### Provided entries
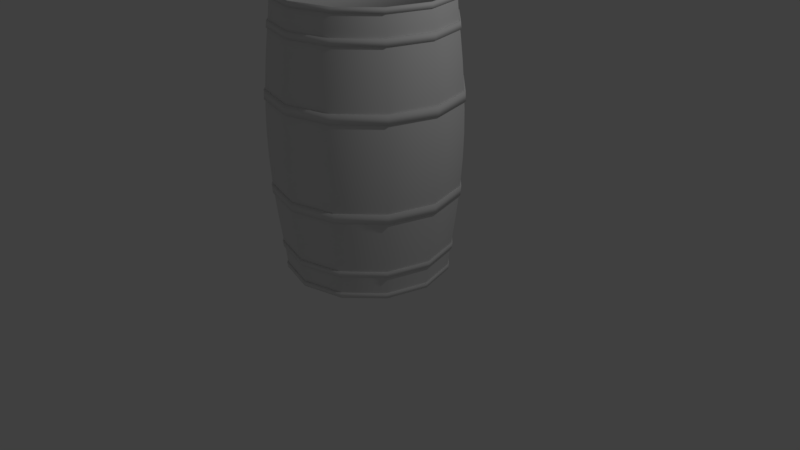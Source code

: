 # Source: barrel.blend  (saved by Blender 2.79.0; exported with 4.5.12 LTS)
import bpy
from mathutils import Matrix  # noqa: F401  (used for matrix-valued properties, if any)

bpy.ops.wm.read_factory_settings(use_empty=True)
scene = bpy.context.scene
scene.name = 'Scene'

# ---- collections
col_collection_1 = bpy.data.collections.new('Collection 1'); scene.collection.children.link(col_collection_1)

# ---- materials (node trees are filled in below, after node groups)
mat_material_001 = bpy.data.materials.new('Material.001')
mat_material_001.alpha_threshold = 0.0
mat_material_001.use_transparent_shadow = False
mat_material_001.roughness = 0.5

# ---- material node trees

# ---- world
world_world = bpy.data.worlds.new('World'); scene.world = world_world
world_world.color = (0.05088, 0.05088, 0.05088)
world_world.use_sun_shadow = False
world_world.sun_shadow_jitter_overblur = 0.0
world_world.cycles.sampling_method = 'MANUAL'

# ---- cameras
cam_camera = bpy.data.cameras.new('Camera')
cam_camera.clip_end = 100.0
cam_camera.lens = 35.0
cam_camera.sensor_width = 32.0
cam_camera.sensor_height = 18.0
cam_camera.ortho_scale = 7.314
cam_camera.dof.focus_distance = 0.0
cam_camera.dof.aperture_fstop = 128.0

# ---- lights
light_lamp = bpy.data.lights.new('Lamp', 'POINT')
light_lamp.transmission_factor = 0.0
light_lamp.cutoff_distance = 30.0
light_lamp.energy = 100.0
light_lamp.shadow_buffer_clip_start = 1.001
light_lamp.shadow_soft_size = 0.1
light_lamp.shadow_maximum_resolution = 0.006
light_lamp.use_absolute_resolution = True

# ---- meshes
me_circle_001 = bpy.data.meshes.new('Circle.001')
me_circle_001.from_pydata([(-5.837e-10, 1.029, -0.05213), (-0.5147, 0.8915, -0.05213), (-0.8915, 0.5147, -0.05213), (-1.029, -4.062e-08, -0.05213), (-0.8915, -0.5147, -0.05213), (-0.5147, -0.8915, -0.05213), (-1.56e-07, -1.029, -0.05213), (0.5147, -0.8915, -0.05213), (0.8915, -0.5147, -0.05213), (1.029, -4.742e-07, -0.05213), (0.8915, 0.5147, -0.05213), (0.5147, 0.8915, -0.05213), (-1.098e-09, 1.055, 3.38), (-0.5276, 0.9139, 3.38), (-0.9139, 0.5276, 3.38), (-1.055, -3.789e-08, 3.38), (-0.9139, -0.5276, 3.38), (-0.5276, -0.9139, 3.38), (-1.604e-07, -1.055, 3.38), (0.5276, -0.9139, 3.38), (0.9139, -0.5276, 3.38), (1.055, -4.824e-07, 3.38), (0.9139, 0.5276, 3.38), (0.5276, 0.9139, 3.38), (0.9268, -0.5351, 3.32), (-0.5351, -0.9268, 3.32), (-1.393e-09, 1.07, 3.32), (-0.9268, 0.5351, 3.32), (1.07, -4.871e-07, 3.32), (-1.63e-07, -1.07, 3.32), (-1.07, -3.633e-08, 3.32), (0.9268, 0.5351, 3.32), (0.5351, -0.9268, 3.32), (-0.9268, -0.5351, 3.32), (0.5351, 0.9268, 3.32), (-0.5351, 0.9268, 3.32), (0.5185, -0.8981, 0.01375), (-0.8981, -0.5185, 0.01375), (0.5185, 0.8981, 0.01375), (-0.5185, 0.8981, 0.01375), (0.8981, -0.5185, 0.01375), (-0.5185, -0.8981, 0.01375), (-7.366e-10, 1.037, 0.01375), (-0.8981, 0.5185, 0.01375), (1.037, -4.766e-07, 0.01375), (-1.573e-07, -1.037, 0.01375), (-1.037, -3.981e-08, 0.01375), (0.8981, 0.5185, 0.01375), (0.9225, -0.5326, 0.2461), (0.9311, -0.5375, 0.3227), (0.5375, -0.9311, 0.3227), (0.5326, -0.9225, 0.2461), (-0.5326, -0.9225, 0.2461), (-0.5375, -0.9311, 0.3227), (-0.9311, -0.5375, 0.3227), (-0.9225, -0.5326, 0.2461), (-1.295e-09, 1.065, 0.2461), (-1.492e-09, 1.075, 0.3227), (0.5375, 0.9311, 0.3227), (0.5326, 0.9225, 0.2461), (-0.9225, 0.5326, 0.2461), (-0.9311, 0.5375, 0.3227), (-0.5375, 0.9311, 0.3227), (-0.5326, 0.9225, 0.2461), (1.065, -4.855e-07, 0.2461), (1.075, -4.886e-07, 0.3227), (-1.621e-07, -1.065, 0.2461), (-1.638e-07, -1.075, 0.3227), (-1.065, -3.685e-08, 0.2461), (-1.075, -3.58e-08, 0.3227), (0.9225, 0.5326, 0.2461), (0.9311, 0.5375, 0.3227), (0.9574, -0.5527, 2.987), (0.9485, -0.5476, 3.068), (0.5476, -0.9485, 3.068), (0.5527, -0.9574, 2.987), (-0.5527, -0.9574, 2.987), (-0.5476, -0.9485, 3.068), (-0.9485, -0.5476, 3.068), (-0.9574, -0.5527, 2.987), (-2.096e-09, 1.105, 2.987), (-1.892e-09, 1.095, 3.068), (0.5476, 0.9485, 3.068), (0.5527, 0.9574, 2.987), (-0.9574, 0.5527, 2.987), (-0.9485, 0.5476, 3.068), (-0.5476, 0.9485, 3.068), (-0.5527, 0.9574, 2.987), (1.105, -4.982e-07, 2.987), (1.095, -4.95e-07, 3.068), (-1.69e-07, -1.105, 2.987), (-1.673e-07, -1.095, 3.068), (-1.105, -3.26e-08, 2.987), (-1.095, -3.368e-08, 3.068), (0.9574, 0.5527, 2.987), (0.9485, 0.5476, 3.068), (0.9982, -0.5763, 0.9834), (1.005, -0.5804, 1.103), (0.5804, -1.005, 1.103), (0.5763, -0.9982, 0.9834), (-0.5763, -0.9982, 0.9834), (-0.5804, -1.005, 1.103), (-1.005, -0.5804, 1.103), (-0.9982, -0.5763, 0.9834), (-3.033e-09, 1.153, 0.9834), (-3.193e-09, 1.161, 1.103), (0.5804, 1.005, 1.103), (0.5763, 0.9982, 0.9834), (-0.9982, 0.5763, 0.9834), (-1.005, 0.5804, 1.103), (-0.5804, 1.005, 1.103), (-0.5763, 0.9982, 0.9834), (1.153, -5.131e-07, 0.9834), (1.161, -5.157e-07, 1.103), (-1.771e-07, -1.153, 0.9834), (-1.785e-07, -1.161, 1.103), (-1.153, -2.763e-08, 0.9834), (-1.161, -2.679e-08, 1.103), (0.9982, 0.5763, 0.9834), (1.005, 0.5804, 1.103), (1.022, -0.5899, 2.163), (1.017, -0.5872, 2.279), (0.5872, -1.017, 2.279), (0.5899, -1.022, 2.163), (-0.5899, -1.022, 2.163), (-0.5872, -1.017, 2.279), (-1.017, -0.5872, 2.279), (-1.022, -0.5899, 2.163), (-3.573e-09, 1.18, 2.163), (-3.463e-09, 1.174, 2.279), (0.5872, 1.017, 2.279), (0.5899, 1.022, 2.163), (-1.022, 0.5899, 2.163), (-1.017, 0.5872, 2.279), (-0.5872, 1.017, 2.279), (-0.5899, 1.022, 2.163), (1.18, -5.217e-07, 2.163), (1.174, -5.2e-07, 2.279), (-1.817e-07, -1.18, 2.163), (-1.808e-07, -1.174, 2.279), (-1.18, -2.477e-08, 2.163), (-1.174, -2.536e-08, 2.279), (1.022, 0.5899, 2.163), (1.017, 0.5872, 2.279), (-0.5224, 0.9049, -0.05262), (-8.169e-10, 1.045, -0.05262), (-0.9049, 0.5224, -0.05262), (-1.045, -3.895e-08, -0.05262), (-0.9049, -0.5224, -0.05262), (-0.5224, -0.9049, -0.05262), (-1.586e-07, -1.045, -0.05262), (0.5224, -0.9049, -0.05262), (0.9049, -0.5224, -0.05262), (1.045, -4.791e-07, -0.05262), (0.9049, 0.5224, -0.05262), (0.5224, 0.9049, -0.05262), (-0.5356, 0.9276, 3.38), (-1.638e-09, 1.071, 3.38), (-0.9276, 0.5356, 3.38), (-1.071, -3.644e-08, 3.38), (-0.9276, -0.5356, 3.38), (-0.5356, -0.9276, 3.38), (-1.634e-07, -1.071, 3.38), (0.5356, -0.9276, 3.38), (0.9276, -0.5356, 3.38), (1.071, -4.876e-07, 3.38), (0.9276, 0.5356, 3.38), (0.5356, 0.9276, 3.38), (0.9407, -0.5431, 3.319), (0.5263, -0.9117, 0.01424), (-0.5431, -0.9407, 3.319), (-0.9117, -0.5263, 0.01424), (-1.938e-09, 1.086, 3.319), (0.5263, 0.9117, 0.01424), (-0.9407, 0.5431, 3.319), (-0.5263, 0.9117, 0.01424), (1.086, -4.924e-07, 3.319), (-1.66e-07, -1.086, 3.319), (-1.086, -3.485e-08, 3.319), (0.9407, 0.5431, 3.319), (0.5431, -0.9407, 3.319), (-0.9407, -0.5431, 3.319), (0.5431, 0.9407, 3.319), (-0.5431, 0.9407, 3.319), (0.9117, -0.5263, 0.01424), (-0.5263, -0.9117, 0.01424), (-9.721e-10, 1.053, 0.01424), (-0.9117, 0.5263, 0.01424), (1.053, -4.815e-07, 0.01424), (-1.599e-07, -1.053, 0.01424), (-1.053, -3.813e-08, 0.01424), (0.9117, 0.5263, 0.01424), (0.9364, -0.5406, 0.2455), (0.9451, -0.5456, 0.3232), (0.5456, -0.9451, 0.3232), (0.5406, -0.9364, 0.2455), (-0.5406, -0.9364, 0.2455), (-0.5456, -0.9451, 0.3232), (-0.9451, -0.5456, 0.3232), (-0.9364, -0.5406, 0.2455), (-1.688e-09, 1.081, 0.2455), (-1.888e-09, 1.091, 0.3232), (0.5456, 0.9451, 0.3232), (0.5406, 0.9364, 0.2455), (-0.9364, 0.5406, 0.2455), (-0.9451, 0.5456, 0.3232), (-0.5456, 0.9451, 0.3232), (-0.5406, 0.9364, 0.2455), (1.081, -4.903e-07, 0.2455), (1.091, -4.934e-07, 0.3232), (-1.649e-07, -1.081, 0.2455), (-1.667e-07, -1.091, 0.3232), (-1.081, -3.486e-08, 0.2455), (-1.091, -3.38e-08, 0.3232), (0.9364, 0.5406, 0.2455), (0.9451, 0.5456, 0.3232), (0.9718, -0.5611, 2.987), (0.9628, -0.5559, 3.069), (0.5559, -0.9628, 3.069), (0.5611, -0.9718, 2.987), (-0.5611, -0.9718, 2.987), (-0.5559, -0.9628, 3.069), (-0.9628, -0.5559, 3.069), (-0.9718, -0.5611, 2.987), (-2.876e-09, 1.122, 2.987), (-2.669e-09, 1.112, 3.069), (0.5559, 0.9628, 3.069), (0.5611, 0.9718, 2.987), (-0.9718, 0.5611, 2.987), (-0.9628, 0.5559, 3.069), (-0.5559, 0.9628, 3.069), (-0.5611, 0.9718, 2.987), (1.122, -5.037e-07, 2.987), (1.112, -5.004e-07, 3.069), (-1.723e-07, -1.122, 2.987), (-1.705e-07, -1.112, 3.069), (-1.122, -3.104e-08, 2.987), (-1.112, -3.213e-08, 3.069), (0.9718, 0.5611, 2.987), (0.9628, 0.5559, 3.069), (1.013, -0.585, 0.9825), (1.02, -0.5891, 1.103), (0.5891, -1.02, 1.103), (0.585, -1.013, 0.9825), (-0.585, -1.013, 0.9825), (-0.5891, -1.02, 1.103), (-1.02, -0.5891, 1.103), (-1.013, -0.585, 0.9825), (-3.079e-09, 1.17, 0.9825), (-3.242e-09, 1.178, 1.103), (0.5891, 1.02, 1.103), (0.585, 1.013, 0.9825), (-1.013, 0.585, 0.9825), (-1.02, 0.5891, 1.103), (-0.5891, 1.02, 1.103), (-0.585, 1.013, 0.9825), (1.17, -5.182e-07, 0.9825), (1.178, -5.208e-07, 1.103), (-1.797e-07, -1.17, 0.9825), (-1.811e-07, -1.178, 1.103), (-1.17, -2.54e-08, 0.9825), (-1.178, -2.453e-08, 1.103), (1.013, 0.585, 0.9825), (1.02, 0.5891, 1.103), (1.037, -0.5988, 2.162), (1.032, -0.596, 2.28), (0.596, -1.032, 2.28), (0.5988, -1.037, 2.162), (-0.5988, -1.037, 2.162), (-0.596, -1.032, 2.28), (-1.032, -0.596, 2.28), (-1.037, -0.5988, 2.162), (-3.777e-09, 1.198, 2.162), (-3.665e-09, 1.192, 2.28), (0.596, 1.032, 2.28), (0.5988, 1.037, 2.162), (-1.037, 0.5988, 2.162), (-1.032, 0.596, 2.28), (-0.596, 1.032, 2.28), (-0.5988, 1.037, 2.162), (1.198, -5.276e-07, 2.162), (1.192, -5.259e-07, 2.28), (-1.846e-07, -1.198, 2.162), (-1.837e-07, -1.192, 2.28), (-1.198, -2.32e-08, 2.162), (-1.192, -2.379e-08, 2.28), (1.037, 0.5988, 2.162), (1.032, 0.596, 2.28)], [], [(32, 19, 20, 24), (33, 16, 17, 25), (34, 23, 12, 26), (35, 13, 14, 27), (24, 20, 21, 28), (25, 17, 18, 29), (27, 14, 15, 30), (28, 21, 22, 31), (29, 18, 19, 32), (30, 15, 16, 33), (31, 22, 23, 34), (26, 12, 13, 35), (7, 36, 40, 8), (4, 37, 41, 5), (11, 38, 42, 0), (1, 39, 43, 2), (8, 40, 44, 9), (5, 41, 45, 6), (2, 43, 46, 3), (9, 44, 47, 10), (6, 45, 36, 7), (3, 46, 37, 4), (10, 47, 38, 11), (0, 42, 39, 1), (51, 50, 49, 48), (55, 54, 53, 52), (59, 58, 57, 56), (63, 62, 61, 60), (48, 49, 65, 64), (52, 53, 67, 66), (60, 61, 69, 68), (64, 65, 71, 70), (66, 67, 50, 51), (68, 69, 54, 55), (70, 71, 58, 59), (56, 57, 62, 63), (75, 74, 73, 72), (79, 78, 77, 76), (83, 82, 81, 80), (87, 86, 85, 84), (72, 73, 89, 88), (76, 77, 91, 90), (84, 85, 93, 92), (88, 89, 95, 94), (90, 91, 74, 75), (92, 93, 78, 79), (94, 95, 82, 83), (80, 81, 86, 87), (99, 98, 97, 96), (103, 102, 101, 100), (107, 106, 105, 104), (111, 110, 109, 108), (96, 97, 113, 112), (100, 101, 115, 114), (108, 109, 117, 116), (112, 113, 119, 118), (114, 115, 98, 99), (116, 117, 102, 103), (118, 119, 106, 107), (104, 105, 110, 111), (123, 122, 121, 120), (127, 126, 125, 124), (131, 130, 129, 128), (135, 134, 133, 132), (120, 121, 137, 136), (124, 125, 139, 138), (132, 133, 141, 140), (136, 137, 143, 142), (138, 139, 122, 123), (140, 141, 126, 127), (142, 143, 130, 131), (128, 129, 134, 135), (180, 168, 164, 163), (181, 170, 161, 160), (182, 172, 157, 167), (183, 174, 158, 156), (168, 176, 165, 164), (170, 177, 162, 161), (174, 178, 159, 158), (176, 179, 166, 165), (177, 180, 163, 162), (178, 181, 160, 159), (179, 182, 167, 166), (172, 183, 156, 157), (151, 152, 184, 169), (148, 149, 185, 171), (155, 145, 186, 173), (144, 146, 187, 175), (152, 153, 188, 184), (149, 150, 189, 185), (146, 147, 190, 187), (153, 154, 191, 188), (150, 151, 169, 189), (147, 148, 171, 190), (154, 155, 173, 191), (145, 144, 175, 186), (195, 192, 193, 194), (199, 196, 197, 198), (203, 200, 201, 202), (207, 204, 205, 206), (192, 208, 209, 193), (196, 210, 211, 197), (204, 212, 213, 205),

### About this task
Among the records above, only the lines between the line holding "scene = bpy.context.scene" and the line holding "me_circle_001 = bpy.data.meshes.new('Circle.001')", inclusive, are to be output, exactly as written.

### Result of this exercise
scene = bpy.context.scene
scene.name = 'Scene'

# ---- collections
col_collection_1 = bpy.data.collections.new('Collection 1'); scene.collection.children.link(col_collection_1)

# ---- materials (node trees are filled in below, after node groups)
mat_material_001 = bpy.data.materials.new('Material.001')
mat_material_001.alpha_threshold = 0.0
mat_material_001.use_transparent_shadow = False
mat_material_001.roughness = 0.5

# ---- material node trees

# ---- world
world_world = bpy.data.worlds.new('World'); scene.world = world_world
world_world.color = (0.05088, 0.05088, 0.05088)
world_world.use_sun_shadow = False
world_world.sun_shadow_jitter_overblur = 0.0
world_world.cycles.sampling_method = 'MANUAL'

# ---- cameras
cam_camera = bpy.data.cameras.new('Camera')
cam_camera.clip_end = 100.0
cam_camera.lens = 35.0
cam_camera.sensor_width = 32.0
cam_camera.sensor_height = 18.0
cam_camera.ortho_scale = 7.314
cam_camera.dof.focus_distance = 0.0
cam_camera.dof.aperture_fstop = 128.0

# ---- lights
light_lamp = bpy.data.lights.new('Lamp', 'POINT')
light_lamp.transmission_factor = 0.0
light_lamp.cutoff_distance = 30.0
light_lamp.energy = 100.0
light_lamp.shadow_buffer_clip_start = 1.001
light_lamp.shadow_soft_size = 0.1
light_lamp.shadow_maximum_resolution = 0.006
light_lamp.use_absolute_resolution = True

# ---- meshes
me_circle_001 = bpy.data.meshes.new('Circle.001')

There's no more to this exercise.